--- GIVEN RECORDS ---
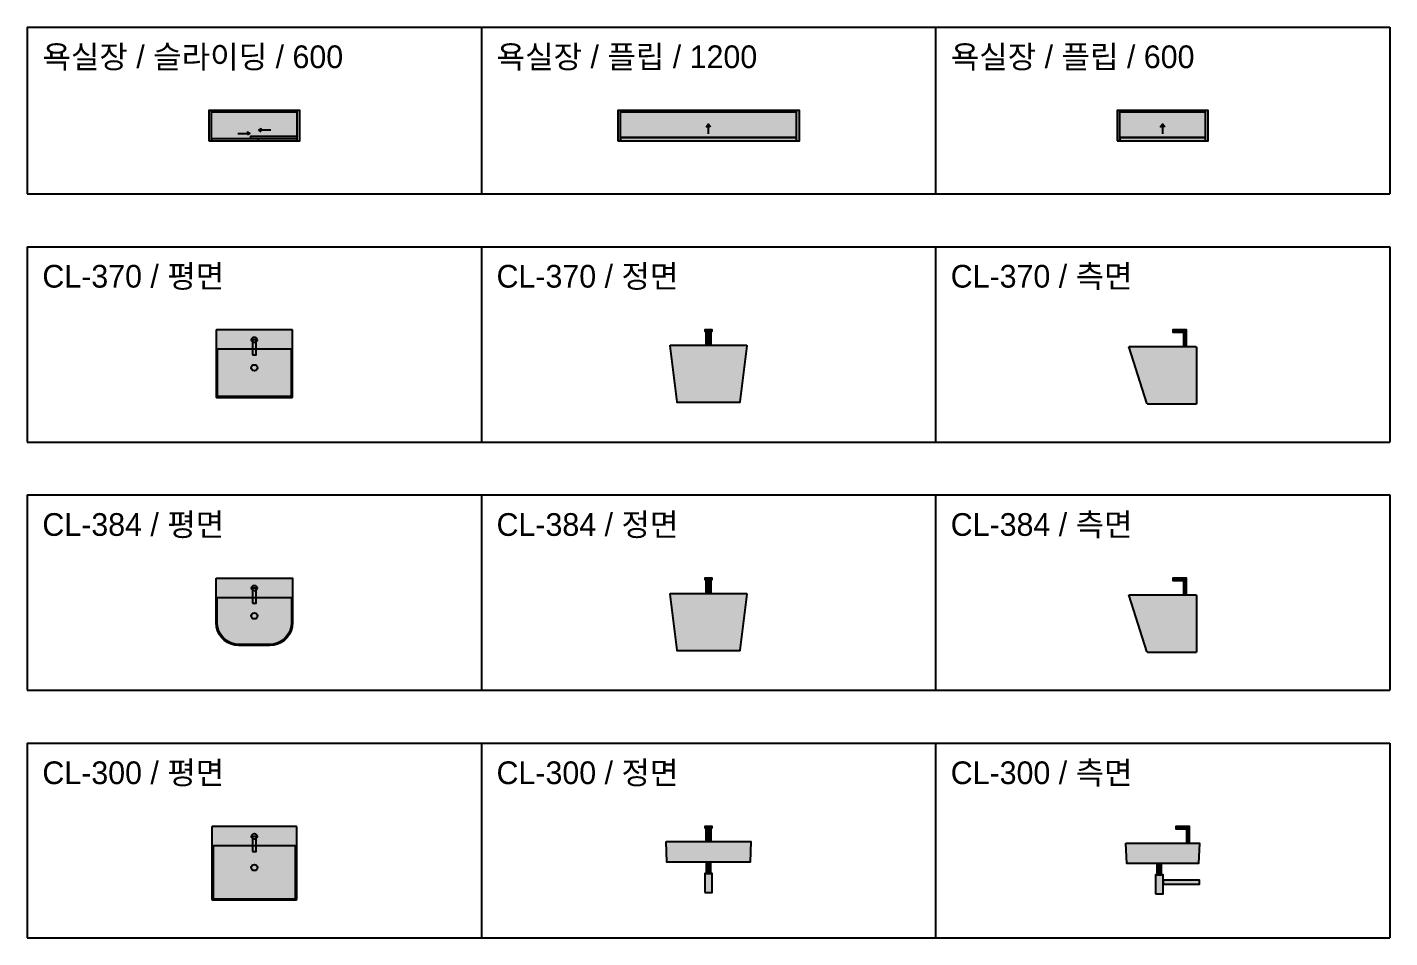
# Model space of a CAD drawing. Header units: millimetres. Extents: x 488786 to 747986, y 25193 to 95000.
# Drawn here: x 543500 to 552500, y 83285 to 89300 of the extents above; entities that cross this region are included whole.
import ezdxf

# ---------------------------------------------------------------- set-up
doc = ezdxf.new("R2010")
doc.units = ezdxf.units.MM
for name, color, linetype in [('10. ETC', 251, 'Continuous'), ('13. TXT2', 43, 'Continuous'), ('25. 255', 255, 'Continuous'), ('6. FUR1', 181, 'Continuous')]:
    doc.layers.add(name, color=color, linetype=linetype)
doc.styles.add('YUHIHA_TEXT', font='Pretendard-Regular.ttf')

# ---------------------------------------------------------------- blocks, each defined once
blk = doc.blocks.new('*U190')
at = {"layer": '25. 255'}
blk.add_hatch(color=256, dxfattribs=at).paths.add_polyline_path([(0, 0), (600, 0), (600, 200), (0, 200)])
at = {"layer": '6. FUR1'}
blk.add_lwpolyline([(0, 0), (600, 0), (600, 200), (0, 200)], close=True, dxfattribs=at)
at = {"layer": '6. FUR1', "color": 241, "linetype": 'Continuous', "lineweight": -3}
for points in [[(18, 0), (18, 200)], [(18, 191), (582, 191)], [(582, 0), (582, 200)], [(190, 48), (270, 48), (255, 56), (270, 48), (255, 40)], [(410, 70), (330, 70), (345, 78), (330, 70), (345, 62)]]:
    blk.add_lwpolyline(points, dxfattribs=at)
for points in [[(18, 0), (325, 0), (325, 12), (18, 12)], [(275, 16), (582, 16), (582, 28), (275, 28)]]:
    blk.add_lwpolyline(points, close=True, dxfattribs=at)
blk = doc.blocks.new('*U192')
at = {"layer": '25. 255'}
blk.add_hatch(color=256, dxfattribs=at).paths.add_polyline_path([(0, 0), (1200, 0), (1200, 200), (0, 200)])
at = {"layer": '6. FUR1'}
blk.add_lwpolyline([(0, 0), (1200, 0), (1200, 200), (0, 200)], close=True, dxfattribs=at)
at = {"layer": '6. FUR1', "color": 241, "linetype": 'Continuous', "lineweight": -3}
for points in [[(18, 0), (18, 200)], [(18, 191), (1182, 191)], [(1182, 0), (1182, 200)], [(600, 45), (600, 110), (586, 93), (600, 110), (614, 93)], [(18, 23), (1182, 23)]]:
    blk.add_lwpolyline(points, dxfattribs=at)
blk.add_lwpolyline([(18, 0), (1182, 0), (1182, 20), (18, 20)], close=True, dxfattribs=at)
blk = doc.blocks.new('*U194')
at = {"layer": '25. 255'}
blk.add_hatch(color=256, dxfattribs=at).paths.add_polyline_path([(0, 0), (600, 0), (600, 200), (0, 200)])
at = {"layer": '6. FUR1'}
blk.add_lwpolyline([(0, 0), (600, 0), (600, 200), (0, 200)], close=True, dxfattribs=at)
at = {"layer": '6. FUR1', "color": 241, "linetype": 'Continuous', "lineweight": -3}
for points in [[(18, 0), (18, 200)], [(18, 191), (582, 191)], [(582, 0), (582, 200)], [(300, 45), (300, 110), (286, 93), (300, 110), (314, 93)], [(18, 23), (582, 23)]]:
    blk.add_lwpolyline(points, dxfattribs=at)
blk.add_lwpolyline([(18, 0), (582, 0), (582, 20), (18, 20)], close=True, dxfattribs=at)
blk = doc.blocks.new('YUHIHA_Sanitary_Basin_A_Plan_Geometry')
at = {"layer": '25. 255'}
blk.add_hatch(color=256, dxfattribs=at).paths.add_polyline_path([(502, 0), (502.6, 0.1), (503.1, 0.2), (503.7, 0.5), (504.1, 0.9), (504.5, 1.3), (504.8, 1.9), (504.9, 2.4), (505, 3), (505, 442), (504.9, 442.6), (504.8, 443.1), (504.5, 443.7), (504.1, 444.1), (503.7, 444.5), (503.1, 444.8), (502.6, 444.9), (502, 445), (3, 445), (2.4, 444.9), (1.9, 444.8), (1.3, 444.5), (0.9, 444.1), (0.5, 443.7), (0.2, 443.1), (0.1, 442.6), (0, 442), (0, 3), (0.1, 2.4), (0.2, 1.9), (0.5, 1.3), (0.9, 0.9), (1.3, 0.5), (1.9, 0.2), (2.4, 0.1), (3, 0)])
at = {"layer": '6. FUR1'}
blk.add_lwpolyline([(502, 0), (502.6, 0.1), (503.1, 0.2), (503.7, 0.5), (504.1, 0.9), (504.5, 1.3), (504.8, 1.9), (504.9, 2.4), (505, 3), (505, 442), (504.9, 442.6), (504.8, 443.1), (504.5, 443.7), (504.1, 444.1), (503.7, 444.5), (503.1, 444.8), (502.6, 444.9), (502, 445), (3, 445), (2.4, 444.9), (1.9, 444.8), (1.3, 444.5), (0.9, 444.1), (0.5, 443.7), (0.2, 443.1), (0.1, 442.6), (0, 442), (0, 3), (0.1, 2.4), (0.2, 1.9), (0.5, 1.3), (0.9, 0.9), (1.3, 0.5), (1.9, 0.2), (2.4, 0.1), (3, 0)], close=True, dxfattribs=at)
at = {"layer": '6. FUR1', "color": 241, "linetype": 'Continuous', "lineweight": -3}
for points in [[(240.5, 280), (264.5, 280), (264.5, 380), (240.5, 380)], [(492, 8), (493, 8.1), (493.9, 8.4), (494.8, 8.8), (495.5, 9.5), (496.2, 10.2), (496.6, 11.1), (496.9, 12), (497, 13), (497, 313), (496.9, 314), (496.6, 314.9), (496.2, 315.8), (495.5, 316.5), (494.8, 317.2), (493.9, 317.6), (493, 317.9), (492, 318), (13, 318), (12, 317.9), (11.1, 317.6), (10.2, 317.2), (9.5, 316.5), (8.8, 315.8), (8.4, 314.9), (8.1, 314), (8, 313), (8, 13), (8.1, 12), (8.4, 11.1), (8.8, 10.2), (9.5, 9.5), (10.2, 8.8), (11.1, 8.4), (12, 8.1), (13, 8)]]:
    blk.add_lwpolyline(points, close=True, dxfattribs=at)
for centre, radius in [((252.5, 380), 18), ((252.5, 195.8), 20)]:
    blk.add_circle(centre, radius, dxfattribs=at)
blk = doc.blocks.new('YUHIHA_Sanitary_Basin_A_Plan', base_point=(252.5, 0))
at = {"layer": '6. FUR1'}
blk.add_blockref('YUHIHA_Sanitary_Basin_A_Plan_Geometry', (0, 0), dxfattribs=at)
blk = doc.blocks.new('YUHIHA_Sanitary_Basin_A_Front_Geometry')
at = {"layer": '25. 255'}
for points in [[(234.5, 380), (270.5, 380), (270.5, 472), (277.5, 472), (277.5, 480), (227.5, 480), (227.5, 472), (234.5, 472)], [(252.5, 380), (500.02, 380), (501.07, 379.89), (502.07, 379.56), (502.97, 379.03), (503.76, 378.32), (504.37, 377.46), (504.79, 376.49), (505, 375.47), (504.98, 374.41), (460.546, 4.41), (459.996, 2.66), (458.896, 1.26), (457.376, 0.34), (455.576, 0), (252.5, 0), (49.414, 0), (47.614, 0.34), (46.104, 1.26), (45.004, 2.66), (44.454, 4.41), (0.01, 374.41), (0, 375.47), (0.21, 376.49), (0.62, 377.46), (1.24, 378.32), (2.02, 379.03), (2.93, 379.56), (3.92, 379.89), (4.98, 380)]]:
    blk.add_hatch(color=256, dxfattribs=at).paths.add_polyline_path(points)
at = {"layer": '6. FUR1', "color": 241, "linetype": 'Continuous', "lineweight": -3}
blk.add_lwpolyline([(234.5, 380), (270.5, 380), (270.5, 472), (277.5, 472), (277.5, 480), (227.5, 480), (227.5, 472), (234.5, 472)], close=True, dxfattribs=at)
at = {"layer": '6. FUR1'}
blk.add_lwpolyline([(252.5, 380), (500.02, 380), (501.07, 379.89), (502.07, 379.56), (502.97, 379.03), (503.76, 378.32), (504.37, 377.46), (504.79, 376.49), (505, 375.47), (504.98, 374.41), (460.546, 4.41), (459.996, 2.66), (458.896, 1.26), (457.376, 0.34), (455.576, 0), (252.5, 0), (49.414, 0), (47.614, 0.34), (46.104, 1.26), (45.004, 2.66), (44.454, 4.41), (0.01, 374.41), (0, 375.47), (0.21, 376.49), (0.62, 377.46), (1.24, 378.32), (2.02, 379.03), (2.93, 379.56), (3.92, 379.89), (4.98, 380), (252.5, 380)], close=True, dxfattribs=at)
blk = doc.blocks.new('YUHIHA_Sanitary_Basin_A_Front', base_point=(252.5, 0))
at = {"layer": '6. FUR1'}
blk.add_blockref('YUHIHA_Sanitary_Basin_A_Front_Geometry', (0, 0), dxfattribs=at)
blk = doc.blocks.new('YUHIHA_Sanitary_Basin_A_Side_Geometry')
at = {"layer": '25. 255'}
for points in [[(360, 380), (380, 380), (380, 490), (290, 490), (290, 475), (360, 475)], [(445, 377), (445, 32.72), (445, 3), (444.77, 1.83), (444.12, 0.88), (443.17, 0.24), (442, 0), (136.986, 0), (127.286, 0), (125.676, 0.13), (124.146, 0.51), (122.706, 1.11), (121.385, 1.92), (120.205, 2.93), (119.195, 4.12), (118.375, 5.46), (117.755, 6.95), (0.22, 373.48), (0, 374.63), (0.05, 375.8), (0.36, 376.92), (0.94, 377.95), (1.75, 378.81), (2.72, 379.46), (3.81, 379.86), (4.98, 380), (442, 380), (443.17, 379.77), (444.12, 379.12), (444.77, 378.17)]]:
    blk.add_hatch(color=256, dxfattribs=at).paths.add_polyline_path(points)
at = {"layer": '6. FUR1', "color": 241, "linetype": 'Continuous', "lineweight": -3}
blk.add_lwpolyline([(360, 380), (380, 380), (380, 490), (290, 490), (290, 475), (360, 475)], close=True, dxfattribs=at)
at = {"layer": '6. FUR1'}
blk.add_lwpolyline([(445, 377), (445, 32.72), (445, 3), (444.77, 1.83), (444.12, 0.88), (443.17, 0.24), (442, 0), (136.986, 0), (127.286, 0), (125.676, 0.13), (124.146, 0.51), (122.706, 1.11), (121.385, 1.92), (120.205, 2.93), (119.195, 4.12), (118.375, 5.46), (117.755, 6.95), (0.22, 373.48), (0, 374.63), (0.05, 375.8), (0.36, 376.92), (0.94, 377.95), (1.75, 378.81), (2.72, 379.46), (3.81, 379.86), (4.98, 380), (442, 380), (443.17, 379.77), (444.12, 379.12), (444.77, 378.17), (445, 377)], close=True, dxfattribs=at)
blk = doc.blocks.new('YUHIHA_Sanitary_Basin_A_Side', base_point=(222.5, 0))
at = {"layer": '6. FUR1'}
blk.add_blockref('YUHIHA_Sanitary_Basin_A_Side_Geometry', (0, 0), dxfattribs=at)
blk = doc.blocks.new('YUHIHA_Sanitary_Basin_B_Plan_Geometry')
at = {"layer": '25. 255'}
blk.add_hatch(color=256, dxfattribs=at).paths.add_polyline_path([(0, 445), (505, 445), (505, 150), (502.7, 124), (496, 98.7), (484.9, 75), (469.9, 53.6), (451.4, 35.1), (430, 20.1), (406.3, 9), (381, 2.3), (355, 0), (150, 0), (124, 2.3), (98.7, 9), (75, 20.1), (53.6, 35.1), (35.1, 53.6), (20.1, 75), (9, 98.7), (2.3, 124), (0, 150)])
at = {"layer": '6. FUR1'}
blk.add_lwpolyline([(0, 445), (505, 445), (505, 150), (505, 150), (502.7, 124), (496, 98.7), (484.9, 75), (469.9, 53.6), (451.4, 35.1), (430, 20.1), (406.3, 9), (381, 2.3), (355, 0), (150, 0), (150, 0), (124, 2.3), (98.7, 9), (75, 20.1), (53.6, 35.1), (35.1, 53.6), (20.1, 75), (9, 98.7), (2.3, 124), (0, 150)], close=True, dxfattribs=at)
at = {"layer": '6. FUR1', "color": 241, "linetype": 'Continuous', "lineweight": -3}
for points in [[(240.5, 280), (264.5, 280), (264.5, 380), (240.5, 380)], [(8, 318), (497, 318), (497, 150), (497, 150), (494.8, 125.3), (488.4, 101.4), (478, 79), (463.8, 58.7), (446.3, 41.2), (426, 27), (403.6, 16.6), (379.7, 10.2), (355, 8), (150, 8), (150, 8), (125.3, 10.2), (101.4, 16.6), (79, 27), (58.7, 41.2), (41.2, 58.7), (27, 79), (16.6, 101.4), (10.2, 125.3), (8, 150)]]:
    blk.add_lwpolyline(points, close=True, dxfattribs=at)
for centre, radius in [((252.5, 380), 18), ((252.5, 195.8), 20)]:
    blk.add_circle(centre, radius, dxfattribs=at)
blk = doc.blocks.new('YUHIHA_Sanitary_Basin_B_Plan', base_point=(252.5, 0))
at = {"layer": '6. FUR1'}
blk.add_blockref('YUHIHA_Sanitary_Basin_B_Plan_Geometry', (0, 0), dxfattribs=at)
blk = doc.blocks.new('YUHIHA_Sanitary_Basin_B_Front_Geometry')
at = {"layer": '25. 255'}
for points in [[(234.5, 380), (270.5, 380), (270.5, 472), (277.5, 472), (277.5, 480), (227.5, 480), (227.5, 472), (234.5, 472)], [(252.5, 380), (500.02, 380), (501.07, 379.89), (502.07, 379.56), (502.97, 379.03), (503.76, 378.32), (504.37, 377.46), (504.79, 376.49), (505, 375.47), (504.98, 374.41), (460.546, 4.41), (459.996, 2.66), (458.896, 1.26), (457.376, 0.34), (455.576, 0), (252.5, 0), (49.414, 0), (47.614, 0.34), (46.104, 1.26), (45.004, 2.66), (44.454, 4.41), (0.01, 374.41), (0, 375.47), (0.21, 376.49), (0.62, 377.46), (1.24, 378.32), (2.02, 379.03), (2.93, 379.56), (3.92, 379.89), (4.98, 380)]]:
    blk.add_hatch(color=256, dxfattribs=at).paths.add_polyline_path(points)
at = {"layer": '6. FUR1', "color": 241, "linetype": 'Continuous', "lineweight": -3}
blk.add_lwpolyline([(234.5, 380), (270.5, 380), (270.5, 472), (277.5, 472), (277.5, 480), (227.5, 480), (227.5, 472), (234.5, 472)], close=True, dxfattribs=at)
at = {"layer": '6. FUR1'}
---
TASK PROMPT:
Using the records given above, list every line that includes the word "name".

REPLY TO THE EXERCISE:
for name, color, linetype in [('10. ETC', 251, 'Continuous'), ('13. TXT2', 43, 'Continuous'), ('25. 255', 255, 'Continuous'), ('6. FUR1', 181, 'Continuous')]:
    doc.layers.add(name, color=color, linetype=linetype)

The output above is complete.